- Directions for this task
Restate every line below word for word, but drop each picture.

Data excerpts
-------
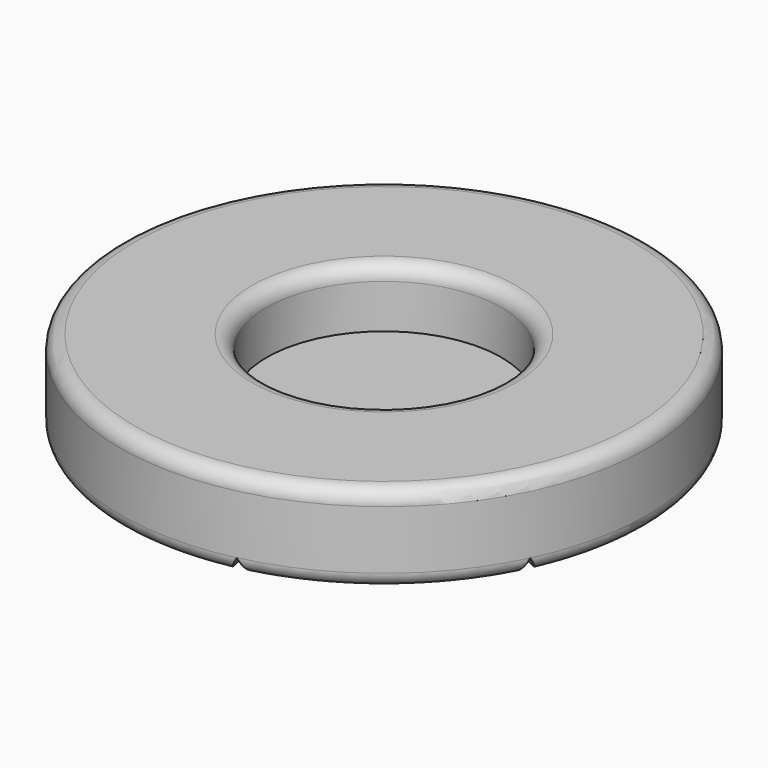
from build123d import *

# Parameters (mm, degrees)
F0_R            = 9
F0_R_2          = 4
F1_DEPTH        = 3
F2_R            = 4
F3_DEPTH        = 1
F4_R            = 0.5
F6_DEPTH        = 9.001
F6_COPIES_COUNT = 7
F10_R           = 0.5


# Not quite as in the source:
# - a pattern or mirror of a feature is missing from the dataset's text; its kind, count and spacing are read off the source's solid


with BuildPart() as f1:
    # F0 (on Top) → F1 (new body)
    with BuildSketch(Plane.XY):
        Circle(F0_R)
        Circle(F0_R_2, mode=Mode.SUBTRACT)
    extrude(amount=F1_DEPTH)

    # F2 (on face) → F3 (join)
    with BuildSketch(Plane(origin=(0, 0, 0), x_dir=(1, 0, 0), z_dir=(0, 0, -1))):
        Circle(F2_R)
    extrude(amount=-F3_DEPTH)

    # F4
    f4_edges = [f1.edges().sort_by_distance(p)[0] for p in [
        (-9, 0, 0),
        (-9, 0, 3),
    ]]
    fillet(f4_edges, radius=F4_R)

    # F5 (on Right) → F6 (cut, through all)
    with BuildSketch(Plane.YZ):
        Polygon((-0.2886751346, 0), (0.2886751346, 0), (0, 0.5), align=None)
    f6 = extrude(amount=-F6_DEPTH, mode=Mode.SUBTRACT)

    # F6_copies: F6 ×7 about axis
    f6_copies_axis = Axis((0, 0, 0), (0, 0, 1))
    for i in range(1, F6_COPIES_COUNT):
        add(f6.rotate(f6_copies_axis, i * 360 / F6_COPIES_COUNT), mode=Mode.SUBTRACT)

    # F7 (on Right) → F9 (revolve, cut)
    with BuildSketch(Plane.YZ):
        Polygon((4.5, 0.5), (4.2113248654, 0), (4.7886751346, 0), align=None)
    revolve(axis=Axis((0, 0, 0.5049179308), (0, 0, 1)), mode=Mode.SUBTRACT)

    # F10
    f10_edges = [f1.edges().sort_by_distance(p)[0] for p in [
        (-4, 0, 3),
    ]]
    fillet(f10_edges, radius=F10_R)


solid = f1.part
-------
- Completed task
from build123d import *

# Parameters (mm, degrees)
F0_R            = 9
F0_R_2          = 4
F1_DEPTH        = 3
F2_R            = 4
F3_DEPTH        = 1
F4_R            = 0.5
F6_DEPTH        = 9.001
F6_COPIES_COUNT = 7
F10_R           = 0.5


# Not quite as in the source:
# - a pattern or mirror of a feature is missing from the dataset's text; its kind, count and spacing are read off the source's solid


with BuildPart() as f1:
    # F0 (on Top) → F1 (new body)
    with BuildSketch(Plane.XY):
        Circle(F0_R)
        Circle(F0_R_2, mode=Mode.SUBTRACT)
    extrude(amount=F1_DEPTH)

    # F2 (on face) → F3 (join)
    with BuildSketch(Plane(origin=(0, 0, 0), x_dir=(1, 0, 0), z_dir=(0, 0, -1))):
        Circle(F2_R)
    extrude(amount=-F3_DEPTH)

    # F4
    f4_edges = [f1.edges().sort_by_distance(p)[0] for p in [
        (-9, 0, 0),
        (-9, 0, 3),
    ]]
    fillet(f4_edges, radius=F4_R)

    # F5 (on Right) → F6 (cut, through all)
    with BuildSketch(Plane.YZ):
        Polygon((-0.2886751346, 0), (0.2886751346, 0), (0, 0.5), align=None)
    f6 = extrude(amount=-F6_DEPTH, mode=Mode.SUBTRACT)

    # F6_copies: F6 ×7 about axis
    f6_copies_axis = Axis((0, 0, 0), (0, 0, 1))
    for i in range(1, F6_COPIES_COUNT):
        add(f6.rotate(f6_copies_axis, i * 360 / F6_COPIES_COUNT), mode=Mode.SUBTRACT)

    # F7 (on Right) → F9 (revolve, cut)
    with BuildSketch(Plane.YZ):
        Polygon((4.5, 0.5), (4.2113248654, 0), (4.7886751346, 0), align=None)
    revolve(axis=Axis((0, 0, 0.5049179308), (0, 0, 1)), mode=Mode.SUBTRACT)

    # F10
    f10_edges = [f1.edges().sort_by_distance(p)[0] for p in [
        (-4, 0, 3),
    ]]
    fillet(f10_edges, radius=F10_R)


solid = f1.part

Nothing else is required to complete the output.